Atmospheric gas-particle partitioning of organic compounds: Comparison of sampling methods

Abstract

A conventional glass-fiber filter, a low-pressure cascade impactor and an electrostatic precipitator, each combined with two gas traps, were used to establish the significance of sampling artifacts occurring during the investigation of atmospheric gas-particle partitioning. The absolute concentrations and the gas-particle partitioning of polychlorinated benzenes, pentachloroanisole, hexachlorocyclohexanes, PCBs, p,p′-DDE, p,p′-DDT and some PAHs were determined.
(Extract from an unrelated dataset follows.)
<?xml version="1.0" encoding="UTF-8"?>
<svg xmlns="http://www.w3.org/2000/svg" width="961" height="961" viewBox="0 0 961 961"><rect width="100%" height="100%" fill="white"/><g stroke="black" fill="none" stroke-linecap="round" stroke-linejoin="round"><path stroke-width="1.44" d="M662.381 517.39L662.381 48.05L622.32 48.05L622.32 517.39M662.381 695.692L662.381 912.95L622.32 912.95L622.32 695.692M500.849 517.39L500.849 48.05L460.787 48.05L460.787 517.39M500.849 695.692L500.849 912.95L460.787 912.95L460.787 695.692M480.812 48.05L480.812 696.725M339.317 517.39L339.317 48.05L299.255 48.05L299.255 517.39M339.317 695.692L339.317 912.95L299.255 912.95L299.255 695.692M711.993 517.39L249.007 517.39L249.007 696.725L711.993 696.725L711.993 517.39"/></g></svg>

The total amounts of substance collected in the impactor and the filter system were similar, whereas the levels of most compounds in the precipitator system differed due to substance alteration in the sampler. The electrostatic precipitator therefore does not seem to be a reliable device for such measurements. The comparison of gas-particle partitioning showed particle bound fractions of the organochlorine compounds to be systematically higher in the impactor-adsorbent combination than in the filter-adsorbent sampler. This was attributed to the particle aggregation in the impactor preventing the chemicals on particle surfaces from an exchange with the gas phase. However, these differences did not exceed a factor of two and were on average in the range of 36%. This indicates that sampling artifacts through the use of glass-fiber filter-adsorbent systems for investigations of atmospheric gas-particle partitioning are less drastic than discussed in the literature.